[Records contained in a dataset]
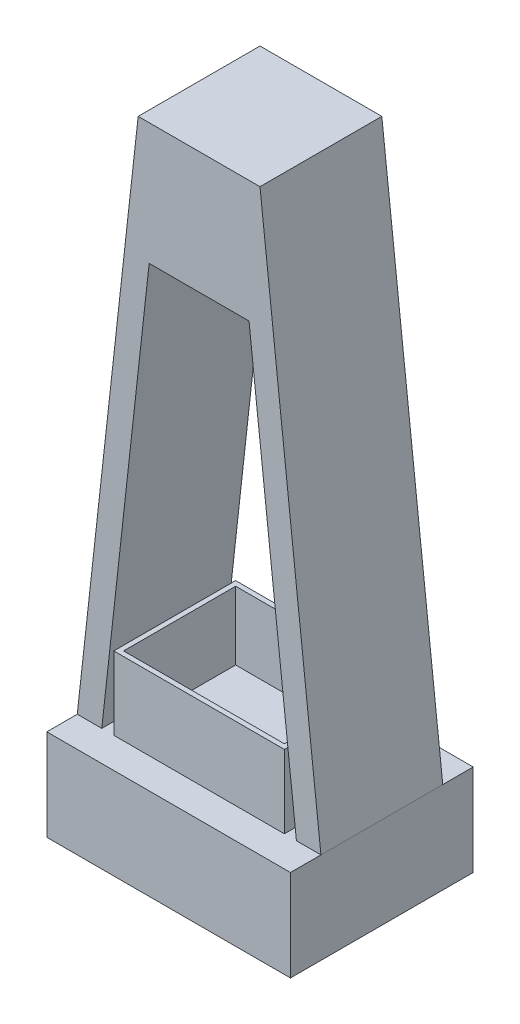
ISO-10303-21;
HEADER;
FILE_DESCRIPTION(('STEP AP214'),'2;1');
FILE_NAME('part.step','',(''),(''),'','','');
FILE_SCHEMA(('AUTOMOTIVE_DESIGN { 1 0 10303 214 1 1 1 1 }'));
ENDSEC;
DATA;
#1=APPLICATION_CONTEXT('core data for automotive mechanical design processes');
#2=APPLICATION_PROTOCOL_DEFINITION('international standard','automotive_design',2000,#1);
#3=PRODUCT_CONTEXT('',#1,'mechanical');
#4=PRODUCT('Part','Part','',(#3));
#5=PRODUCT_RELATED_PRODUCT_CATEGORY('part','',(#4));
#6=PRODUCT_DEFINITION_FORMATION('','',#4);
#7=PRODUCT_DEFINITION_CONTEXT('part definition',#1,'design');
#8=PRODUCT_DEFINITION('design','',#6,#7);
#9=PRODUCT_DEFINITION_SHAPE('','',#8);
#10=(LENGTH_UNIT() NAMED_UNIT(*) SI_UNIT(.MILLI.,.METRE.));
#11=(NAMED_UNIT(*) PLANE_ANGLE_UNIT() SI_UNIT($,.RADIAN.));
#12=(NAMED_UNIT(*) SI_UNIT($,.STERADIAN.) SOLID_ANGLE_UNIT());
#13=UNCERTAINTY_MEASURE_WITH_UNIT(LENGTH_MEASURE(1.E-05),#10,'distance_accuracy_value','');
#14=(GEOMETRIC_REPRESENTATION_CONTEXT(3) GLOBAL_UNCERTAINTY_ASSIGNED_CONTEXT((#13)) GLOBAL_UNIT_ASSIGNED_CONTEXT((#10,
#11,#12)) REPRESENTATION_CONTEXT('',''));
#15=CARTESIAN_POINT('',(0.,0.,0.));
#16=DIRECTION('',(0.,0.,1.));
#17=DIRECTION('',(1.,0.,0.));
#18=AXIS2_PLACEMENT_3D('',#15,#16,#17);
#19=CARTESIAN_POINT('',(0.,-225.,0.));
#20=DIRECTION('',(0.,1.,0.));
#21=DIRECTION('',(0.,0.,1.));
#22=AXIS2_PLACEMENT_3D('',#19,#20,#21);
#23=PLANE('',#22);
#24=DIRECTION('',(0.,0.,-1.));
#25=VECTOR('',#24,1.);
#26=CARTESIAN_POINT('',(-100.,-225.,-25.));
#27=LINE('',#26,#25);
#28=CARTESIAN_POINT('',(-100.,-225.,125.));
#29=VERTEX_POINT('',#28);
#30=CARTESIAN_POINT('',(-100.,-225.,100.));
#31=VERTEX_POINT('',#30);
#32=EDGE_CURVE('E280',#29,#31,#27,.T.);
#33=ORIENTED_EDGE('',*,*,#32,.F.);
#34=DIRECTION('',(-1.,0.,0.));
#35=VECTOR('',#34,1.);
#36=CARTESIAN_POINT('',(-100.,-225.,125.));
#37=LINE('',#36,#35);
#38=CARTESIAN_POINT('',(99.9999999999999,-225.,125.));
#39=VERTEX_POINT('',#38);
#40=EDGE_CURVE('E277',#39,#29,#37,.T.);
#41=ORIENTED_EDGE('',*,*,#40,.F.);
#42=DIRECTION('',(0.,0.,1.));
#43=VECTOR('',#42,1.);
#44=CARTESIAN_POINT('',(99.9999999999999,-225.,-25.));
#45=LINE('',#44,#43);
#46=CARTESIAN_POINT('',(100.,-225.,100.));
#47=VERTEX_POINT('',#46);
#48=EDGE_CURVE('E262',#47,#39,#45,.T.);
#49=ORIENTED_EDGE('',*,*,#48,.F.);
#50=DIRECTION('',(1.,0.,0.));
#51=VECTOR('',#50,1.);
#52=CARTESIAN_POINT('',(100.,-225.,100.));
#53=LINE('',#52,#51);
#54=CARTESIAN_POINT('',(79.8769219152501,-225.,100.));
#55=VERTEX_POINT('',#54);
#56=EDGE_CURVE('E299',#55,#47,#53,.T.);
#57=ORIENTED_EDGE('',*,*,#56,.F.);
#58=DIRECTION('',(0.,0.,-1.));
#59=VECTOR('',#58,1.);
#60=CARTESIAN_POINT('',(79.8769219152501,-225.,125.));
#61=LINE('',#60,#59);
#62=CARTESIAN_POINT('',(79.8769219152501,-225.,0.));
#63=VERTEX_POINT('',#62);
#64=EDGE_CURVE('E244',#55,#63,#61,.T.);
#65=ORIENTED_EDGE('',*,*,#64,.T.);
#66=DIRECTION('',(1.,0.,0.));
#67=VECTOR('',#66,1.);
#68=CARTESIAN_POINT('',(100.,-225.,0.));
#69=LINE('',#68,#67);
#70=CARTESIAN_POINT('',(99.9999999999999,-225.,0.));
#71=VERTEX_POINT('',#70);
#72=EDGE_CURVE('E311',#63,#71,#69,.T.);
#73=ORIENTED_EDGE('',*,*,#72,.T.);
#74=CARTESIAN_POINT('',(99.9999999999999,-225.,-25.));
#75=VERTEX_POINT('',#74);
#76=EDGE_CURVE('E274',#75,#71,#45,.T.);
#77=ORIENTED_EDGE('',*,*,#76,.F.);
#78=DIRECTION('',(1.,0.,0.));
#79=VECTOR('',#78,1.);
#80=CARTESIAN_POINT('',(-100.,-225.,-25.));
#81=LINE('',#80,#79);
#82=CARTESIAN_POINT('',(-100.,-225.,-25.));
#83=VERTEX_POINT('',#82);
#84=EDGE_CURVE('E267',#83,#75,#81,.T.);
#85=ORIENTED_EDGE('',*,*,#84,.F.);
#86=CARTESIAN_POINT('',(-100.,-225.,0.));
#87=VERTEX_POINT('',#86);
#88=EDGE_CURVE('E279',#87,#83,#27,.T.);
#89=ORIENTED_EDGE('',*,*,#88,.F.);
#90=CARTESIAN_POINT('',(-79.8769219152502,-225.,0.));
#91=VERTEX_POINT('',#90);
#92=EDGE_CURVE('E312',#87,#91,#69,.T.);
#93=ORIENTED_EDGE('',*,*,#92,.T.);
#94=DIRECTION('',(0.,0.,-1.));
#95=VECTOR('',#94,1.);
#96=CARTESIAN_POINT('',(-79.8769219152502,-225.,125.));
#97=LINE('',#96,#95);
#98=CARTESIAN_POINT('',(-79.8769219152502,-225.,100.));
#99=VERTEX_POINT('',#98);
#100=EDGE_CURVE('E250',#99,#91,#97,.T.);
#101=ORIENTED_EDGE('',*,*,#100,.F.);
#102=EDGE_CURVE('E301',#31,#99,#53,.T.);
#103=ORIENTED_EDGE('',*,*,#102,.F.);
#104=EDGE_LOOP('',(#33,#41,#49,#57,#65,#73,#77,#85,#89,#93,#101,#103));
#105=FACE_BOUND('',#104,.T.);
#106=DIRECTION('',(0.,0.,-1.));
#107=VECTOR('',#106,1.);
#108=CARTESIAN_POINT('',(-70.,-225.,252.315462117278));
#109=LINE('',#108,#107);
#110=CARTESIAN_POINT('',(-70.,-225.,100.));
#111=VERTEX_POINT('',#110);
#112=CARTESIAN_POINT('',(-70.,-225.,0.));
#113=VERTEX_POINT('',#112);
#114=EDGE_CURVE('E59',#111,#113,#109,.T.);
#115=ORIENTED_EDGE('',*,*,#114,.T.);
#116=DIRECTION('',(-1.,0.,0.));
#117=VECTOR('',#116,1.);
#118=CARTESIAN_POINT('',(70.,-225.,0.));
#119=LINE('',#118,#117);
#120=CARTESIAN_POINT('',(70.,-225.,0.));
#121=VERTEX_POINT('',#120);
#122=EDGE_CURVE('E220',#121,#113,#119,.T.);
#123=ORIENTED_EDGE('',*,*,#122,.F.);
#124=DIRECTION('',(0.,0.,-1.));
#125=VECTOR('',#124,1.);
#126=CARTESIAN_POINT('',(70.,-225.,252.315462117278));
#127=LINE('',#126,#125);
#128=CARTESIAN_POINT('',(70.,-225.,100.));
#129=VERTEX_POINT('',#128);
#130=EDGE_CURVE('E229',#129,#121,#127,.T.);
#131=ORIENTED_EDGE('',*,*,#130,.F.);
#132=DIRECTION('',(1.,0.,0.));
#133=VECTOR('',#132,1.);
#134=CARTESIAN_POINT('',(70.,-225.,100.));
#135=LINE('',#134,#133);
#136=EDGE_CURVE('E217',#111,#129,#135,.T.);
#137=ORIENTED_EDGE('',*,*,#136,.F.);
#138=EDGE_LOOP('',(#115,#123,#131,#137));
#139=FACE_BOUND('',#138,.T.);
#140=ADVANCED_FACE('F36',(#105,#139),#23,.T.);
#141=CARTESIAN_POINT('',(-100.,-225.,100.));
#142=DIRECTION('',(0.993883734673619,-0.110431526074847,0.));
#143=DIRECTION('',(0.110431526074847,0.993883734673619,0.));
#144=AXIS2_PLACEMENT_3D('',#141,#142,#143);
#145=PLANE('',#144);
#146=DIRECTION('',(-0.110431526074847,-0.993883734673619,0.));
#147=VECTOR('',#146,1.);
#148=CARTESIAN_POINT('',(-100.,-225.,0.));
#149=LINE('',#148,#147);
#150=CARTESIAN_POINT('',(-50.,225.,0.));
#151=VERTEX_POINT('',#150);
#152=EDGE_CURVE('E295',#151,#87,#149,.T.);
#153=ORIENTED_EDGE('',*,*,#152,.T.);
#154=DIRECTION('',(0.,0.,-1.));
#155=VECTOR('',#154,1.);
#156=CARTESIAN_POINT('',(-100.,-225.,100.));
#157=LINE('',#156,#155);
#158=EDGE_CURVE('E13',#31,#87,#157,.T.);
#159=ORIENTED_EDGE('',*,*,#158,.F.);
#160=DIRECTION('',(-0.110431526074847,-0.993883734673619,0.));
#161=VECTOR('',#160,1.);
#162=CARTESIAN_POINT('',(-100.,-225.,100.));
#163=LINE('',#162,#161);
#164=CARTESIAN_POINT('',(-50.,225.,100.));
#165=VERTEX_POINT('',#164);
#166=EDGE_CURVE('E296',#165,#31,#163,.T.);
#167=ORIENTED_EDGE('',*,*,#166,.F.);
#168=DIRECTION('',(0.,0.,-1.));
#169=VECTOR('',#168,1.);
#170=CARTESIAN_POINT('',(-50.,225.,100.));
#171=LINE('',#170,#169);
#172=EDGE_CURVE('E308',#165,#151,#171,.T.);
#173=ORIENTED_EDGE('',*,*,#172,.T.);
#174=EDGE_LOOP('',(#153,#159,#167,#173));
#175=FACE_BOUND('',#174,.T.);
#176=ADVANCED_FACE('F38',(#175),#145,.F.);
#177=CARTESIAN_POINT('',(50.,225.,100.));
#178=DIRECTION('',(-0.993883734673619,-0.110431526074847,0.));
#179=DIRECTION('',(0.110431526074847,-0.993883734673619,0.));
#180=AXIS2_PLACEMENT_3D('',#177,#178,#179);
#181=PLANE('',#180);
#182=DIRECTION('',(-0.110431526074847,0.993883734673619,0.));
#183=VECTOR('',#182,1.);
#184=CARTESIAN_POINT('',(50.,225.,0.));
#185=LINE('',#184,#183);
#186=CARTESIAN_POINT('',(50.,225.,0.));
#187=VERTEX_POINT('',#186);
#188=EDGE_CURVE('E315',#71,#187,#185,.T.);
#189=ORIENTED_EDGE('',*,*,#188,.T.);
#190=DIRECTION('',(0.,0.,-1.));
#191=VECTOR('',#190,1.);
#192=CARTESIAN_POINT('',(50.,225.,100.));
#193=LINE('',#192,#191);
#194=CARTESIAN_POINT('',(50.,225.,100.));
#195=VERTEX_POINT('',#194);
#196=EDGE_CURVE('E320',#195,#187,#193,.T.);
#197=ORIENTED_EDGE('',*,*,#196,.F.);
#198=DIRECTION('',(-0.110431526074847,0.993883734673619,0.));
#199=VECTOR('',#198,1.);
#200=CARTESIAN_POINT('',(50.,225.,100.));
#201=LINE('',#200,#199);
#202=EDGE_CURVE('E304',#47,#195,#201,.T.);
#203=ORIENTED_EDGE('',*,*,#202,.F.);
#204=DIRECTION('',(0.,0.,-1.));
#205=VECTOR('',#204,1.);
#206=CARTESIAN_POINT('',(100.,-225.,100.));
#207=LINE('',#206,#205);
#208=EDGE_CURVE('E44',#47,#71,#207,.T.);
#209=ORIENTED_EDGE('',*,*,#208,.T.);
#210=EDGE_LOOP('',(#189,#197,#203,#209));
#211=FACE_BOUND('',#210,.T.);
#212=ADVANCED_FACE('F327',(#211),#181,.F.);
#213=CARTESIAN_POINT('',(-50.,225.,100.));
#214=DIRECTION('',(0.,-1.,0.));
#215=DIRECTION('',(1.,0.,0.));
#216=AXIS2_PLACEMENT_3D('',#213,#214,#215);
#217=PLANE('',#216);
#218=DIRECTION('',(-1.,0.,0.));
#219=VECTOR('',#218,1.);
#220=CARTESIAN_POINT('',(-50.,225.,0.));
#221=LINE('',#220,#219);
#222=EDGE_CURVE('E300',#187,#151,#221,.T.);
#223=ORIENTED_EDGE('',*,*,#222,.T.);
#224=ORIENTED_EDGE('',*,*,#172,.F.);
#225=DIRECTION('',(-1.,0.,0.));
#226=VECTOR('',#225,1.);
#227=CARTESIAN_POINT('',(-50.,225.,100.));
#228=LINE('',#227,#226);
#229=EDGE_CURVE('E306',#195,#165,#228,.T.);
#230=ORIENTED_EDGE('',*,*,#229,.F.);
#231=ORIENTED_EDGE('',*,*,#196,.T.);
#232=EDGE_LOOP('',(#223,#224,#230,#231));
#233=FACE_BOUND('',#232,.T.);
#234=ADVANCED_FACE('F340',(#233),#217,.F.);
#235=CARTESIAN_POINT('',(0.,0.,100.));
#236=DIRECTION('',(0.,0.,-1.));
#237=DIRECTION('',(-1.,0.,0.));
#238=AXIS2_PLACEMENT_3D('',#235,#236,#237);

**Problem description:** After locating the line with "#6=PRODUCT_DEFINITION_FORMATION('','',#4);" above, return that line and every later line through the one with "#11=(NAMED_UNIT(*) PLANE_ANGLE_UNIT() SI_UNIT($,.RADIAN.));", word for word and with nothing else.

**Solution for this task:**
#6=PRODUCT_DEFINITION_FORMATION('','',#4);
#7=PRODUCT_DEFINITION_CONTEXT('part definition',#1,'design');
#8=PRODUCT_DEFINITION('design','',#6,#7);
#9=PRODUCT_DEFINITION_SHAPE('','',#8);
#10=(LENGTH_UNIT() NAMED_UNIT(*) SI_UNIT(.MILLI.,.METRE.));
#11=(NAMED_UNIT(*) PLANE_ANGLE_UNIT() SI_UNIT($,.RADIAN.));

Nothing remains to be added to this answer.